◆ Required action ◆
From the data that follows, print exactly the lines starting at the one containing "ThreePointArc((5, 33), (0, 38), (-5, 33))" and ending at the one containing "# Congé1 of Répétition circulaire1"; include both of them and nothing more.

◆ Data ◆
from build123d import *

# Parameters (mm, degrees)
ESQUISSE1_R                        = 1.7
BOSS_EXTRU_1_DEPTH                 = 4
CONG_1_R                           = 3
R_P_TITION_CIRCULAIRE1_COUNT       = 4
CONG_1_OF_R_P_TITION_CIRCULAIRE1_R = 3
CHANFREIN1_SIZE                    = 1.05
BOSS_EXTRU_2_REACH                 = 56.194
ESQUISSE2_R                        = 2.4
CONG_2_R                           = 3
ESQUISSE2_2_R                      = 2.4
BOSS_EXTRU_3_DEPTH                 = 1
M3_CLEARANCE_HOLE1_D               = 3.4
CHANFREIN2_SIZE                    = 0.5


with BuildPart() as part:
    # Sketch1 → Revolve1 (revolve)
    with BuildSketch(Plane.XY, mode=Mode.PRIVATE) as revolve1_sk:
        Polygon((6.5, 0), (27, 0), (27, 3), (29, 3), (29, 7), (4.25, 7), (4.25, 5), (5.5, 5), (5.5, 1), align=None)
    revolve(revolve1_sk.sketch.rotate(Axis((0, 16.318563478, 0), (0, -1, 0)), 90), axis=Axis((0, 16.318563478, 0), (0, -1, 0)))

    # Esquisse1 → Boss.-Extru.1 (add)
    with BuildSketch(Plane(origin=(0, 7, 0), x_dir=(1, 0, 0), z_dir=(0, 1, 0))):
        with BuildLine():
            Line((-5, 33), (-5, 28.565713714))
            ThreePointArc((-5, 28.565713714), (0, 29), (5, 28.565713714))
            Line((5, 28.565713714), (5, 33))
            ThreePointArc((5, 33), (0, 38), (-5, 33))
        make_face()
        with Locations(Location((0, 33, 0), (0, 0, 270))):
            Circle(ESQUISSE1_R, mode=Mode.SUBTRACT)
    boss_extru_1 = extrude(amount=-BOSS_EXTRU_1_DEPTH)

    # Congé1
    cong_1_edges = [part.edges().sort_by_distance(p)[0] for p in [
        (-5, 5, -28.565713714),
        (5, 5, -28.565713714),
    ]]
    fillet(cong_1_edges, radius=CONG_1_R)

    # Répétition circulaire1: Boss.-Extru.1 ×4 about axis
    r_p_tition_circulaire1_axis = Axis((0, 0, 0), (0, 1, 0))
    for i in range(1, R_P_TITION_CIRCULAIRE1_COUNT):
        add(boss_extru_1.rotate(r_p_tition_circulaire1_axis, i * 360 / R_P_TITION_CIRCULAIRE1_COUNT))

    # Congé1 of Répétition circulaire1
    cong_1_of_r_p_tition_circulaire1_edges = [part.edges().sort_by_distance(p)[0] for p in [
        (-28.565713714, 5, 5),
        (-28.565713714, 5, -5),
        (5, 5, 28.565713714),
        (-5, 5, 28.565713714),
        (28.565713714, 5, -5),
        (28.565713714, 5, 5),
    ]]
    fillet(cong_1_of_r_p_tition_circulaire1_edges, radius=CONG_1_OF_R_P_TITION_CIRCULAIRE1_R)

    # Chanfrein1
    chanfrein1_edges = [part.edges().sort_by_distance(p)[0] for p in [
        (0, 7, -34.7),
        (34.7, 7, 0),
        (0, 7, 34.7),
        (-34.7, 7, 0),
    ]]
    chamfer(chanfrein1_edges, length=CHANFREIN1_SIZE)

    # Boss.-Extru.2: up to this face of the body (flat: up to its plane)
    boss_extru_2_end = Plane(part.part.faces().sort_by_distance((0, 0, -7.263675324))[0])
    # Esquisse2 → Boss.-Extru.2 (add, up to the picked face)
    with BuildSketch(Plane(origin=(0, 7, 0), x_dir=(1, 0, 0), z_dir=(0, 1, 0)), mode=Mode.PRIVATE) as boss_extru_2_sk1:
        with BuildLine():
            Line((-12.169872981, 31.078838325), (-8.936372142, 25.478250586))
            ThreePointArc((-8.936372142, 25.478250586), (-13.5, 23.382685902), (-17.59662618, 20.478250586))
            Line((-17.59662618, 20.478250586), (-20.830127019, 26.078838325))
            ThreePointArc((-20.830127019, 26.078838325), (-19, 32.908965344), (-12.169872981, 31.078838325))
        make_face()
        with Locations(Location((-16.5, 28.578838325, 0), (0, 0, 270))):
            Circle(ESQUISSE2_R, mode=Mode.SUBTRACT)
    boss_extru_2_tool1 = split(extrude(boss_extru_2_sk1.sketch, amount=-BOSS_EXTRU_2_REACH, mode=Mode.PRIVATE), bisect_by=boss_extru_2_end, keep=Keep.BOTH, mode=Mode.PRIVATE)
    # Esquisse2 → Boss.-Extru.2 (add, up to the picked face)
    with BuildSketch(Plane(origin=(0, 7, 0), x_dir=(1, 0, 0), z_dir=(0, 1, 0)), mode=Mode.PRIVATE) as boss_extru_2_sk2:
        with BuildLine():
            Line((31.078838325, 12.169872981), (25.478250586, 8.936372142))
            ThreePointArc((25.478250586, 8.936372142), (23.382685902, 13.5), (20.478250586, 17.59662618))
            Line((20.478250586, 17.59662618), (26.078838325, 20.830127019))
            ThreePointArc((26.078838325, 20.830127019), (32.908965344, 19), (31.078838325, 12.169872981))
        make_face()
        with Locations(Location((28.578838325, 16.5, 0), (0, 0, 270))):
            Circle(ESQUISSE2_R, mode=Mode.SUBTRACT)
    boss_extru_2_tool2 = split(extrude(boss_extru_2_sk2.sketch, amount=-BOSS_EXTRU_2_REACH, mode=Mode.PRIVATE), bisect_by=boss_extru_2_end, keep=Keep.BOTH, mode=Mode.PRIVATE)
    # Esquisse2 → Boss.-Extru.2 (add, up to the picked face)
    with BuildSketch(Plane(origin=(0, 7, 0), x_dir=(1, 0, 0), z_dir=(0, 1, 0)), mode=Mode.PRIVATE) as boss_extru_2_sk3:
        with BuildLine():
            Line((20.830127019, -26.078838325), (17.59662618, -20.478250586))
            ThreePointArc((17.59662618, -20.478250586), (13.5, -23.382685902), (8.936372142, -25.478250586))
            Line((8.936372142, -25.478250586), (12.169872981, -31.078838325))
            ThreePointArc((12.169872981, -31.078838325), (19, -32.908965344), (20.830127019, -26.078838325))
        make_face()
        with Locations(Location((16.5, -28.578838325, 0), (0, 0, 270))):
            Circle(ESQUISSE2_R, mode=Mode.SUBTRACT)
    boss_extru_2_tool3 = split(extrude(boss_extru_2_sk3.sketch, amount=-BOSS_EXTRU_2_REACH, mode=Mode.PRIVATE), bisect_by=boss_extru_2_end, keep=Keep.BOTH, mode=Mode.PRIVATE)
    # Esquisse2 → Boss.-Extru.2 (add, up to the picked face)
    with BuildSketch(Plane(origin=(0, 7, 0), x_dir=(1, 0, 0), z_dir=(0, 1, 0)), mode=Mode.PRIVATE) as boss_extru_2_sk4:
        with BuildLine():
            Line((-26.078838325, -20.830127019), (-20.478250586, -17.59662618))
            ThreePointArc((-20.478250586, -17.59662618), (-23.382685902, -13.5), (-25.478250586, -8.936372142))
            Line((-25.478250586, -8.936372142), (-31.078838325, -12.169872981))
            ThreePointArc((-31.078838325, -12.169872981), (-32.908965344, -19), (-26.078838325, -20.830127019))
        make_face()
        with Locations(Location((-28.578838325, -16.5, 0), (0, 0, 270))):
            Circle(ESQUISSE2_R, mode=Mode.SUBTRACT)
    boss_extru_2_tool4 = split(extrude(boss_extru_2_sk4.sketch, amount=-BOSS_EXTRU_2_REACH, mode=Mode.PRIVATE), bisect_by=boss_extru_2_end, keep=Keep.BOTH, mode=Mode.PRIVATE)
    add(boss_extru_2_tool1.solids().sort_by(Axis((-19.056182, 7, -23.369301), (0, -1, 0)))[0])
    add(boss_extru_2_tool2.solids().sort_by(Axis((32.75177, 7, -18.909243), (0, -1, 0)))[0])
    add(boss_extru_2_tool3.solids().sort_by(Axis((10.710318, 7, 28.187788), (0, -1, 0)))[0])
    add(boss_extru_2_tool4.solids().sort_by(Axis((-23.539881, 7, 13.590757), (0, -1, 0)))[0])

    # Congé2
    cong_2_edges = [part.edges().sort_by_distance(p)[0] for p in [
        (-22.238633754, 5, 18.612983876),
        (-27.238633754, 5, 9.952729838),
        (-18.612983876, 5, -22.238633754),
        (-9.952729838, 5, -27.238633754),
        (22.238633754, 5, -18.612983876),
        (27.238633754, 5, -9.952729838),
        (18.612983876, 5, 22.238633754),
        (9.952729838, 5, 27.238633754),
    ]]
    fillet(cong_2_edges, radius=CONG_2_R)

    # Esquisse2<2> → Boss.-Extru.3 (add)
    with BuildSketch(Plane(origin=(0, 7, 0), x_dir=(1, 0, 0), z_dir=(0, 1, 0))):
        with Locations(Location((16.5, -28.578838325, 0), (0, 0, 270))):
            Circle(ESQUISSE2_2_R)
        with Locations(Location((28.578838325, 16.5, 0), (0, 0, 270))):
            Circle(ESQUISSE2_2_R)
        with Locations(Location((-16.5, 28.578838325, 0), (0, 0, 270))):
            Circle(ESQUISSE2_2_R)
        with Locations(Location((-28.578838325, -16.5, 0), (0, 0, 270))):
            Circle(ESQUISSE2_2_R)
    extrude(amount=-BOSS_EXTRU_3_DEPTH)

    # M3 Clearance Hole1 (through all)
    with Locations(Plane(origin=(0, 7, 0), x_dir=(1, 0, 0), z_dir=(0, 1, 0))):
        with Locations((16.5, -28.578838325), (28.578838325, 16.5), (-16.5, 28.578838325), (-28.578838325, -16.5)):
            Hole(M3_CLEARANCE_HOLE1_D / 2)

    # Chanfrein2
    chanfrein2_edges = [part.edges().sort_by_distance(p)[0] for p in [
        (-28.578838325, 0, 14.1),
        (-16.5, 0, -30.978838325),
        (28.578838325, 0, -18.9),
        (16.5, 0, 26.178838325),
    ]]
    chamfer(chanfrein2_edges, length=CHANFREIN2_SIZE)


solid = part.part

◆ Result for this exercise ◆
            ThreePointArc((5, 33), (0, 38), (-5, 33))
        make_face()
        with Locations(Location((0, 33, 0), (0, 0, 270))):
            Circle(ESQUISSE1_R, mode=Mode.SUBTRACT)
    boss_extru_1 = extrude(amount=-BOSS_EXTRU_1_DEPTH)

    # Congé1
    cong_1_edges = [part.edges().sort_by_distance(p)[0] for p in [
        (-5, 5, -28.565713714),
        (5, 5, -28.565713714),
    ]]
    fillet(cong_1_edges, radius=CONG_1_R)

    # Répétition circulaire1: Boss.-Extru.1 ×4 about axis
    r_p_tition_circulaire1_axis = Axis((0, 0, 0), (0, 1, 0))
    for i in range(1, R_P_TITION_CIRCULAIRE1_COUNT):
        add(boss_extru_1.rotate(r_p_tition_circulaire1_axis, i * 360 / R_P_TITION_CIRCULAIRE1_COUNT))

    # Congé1 of Répétition circulaire1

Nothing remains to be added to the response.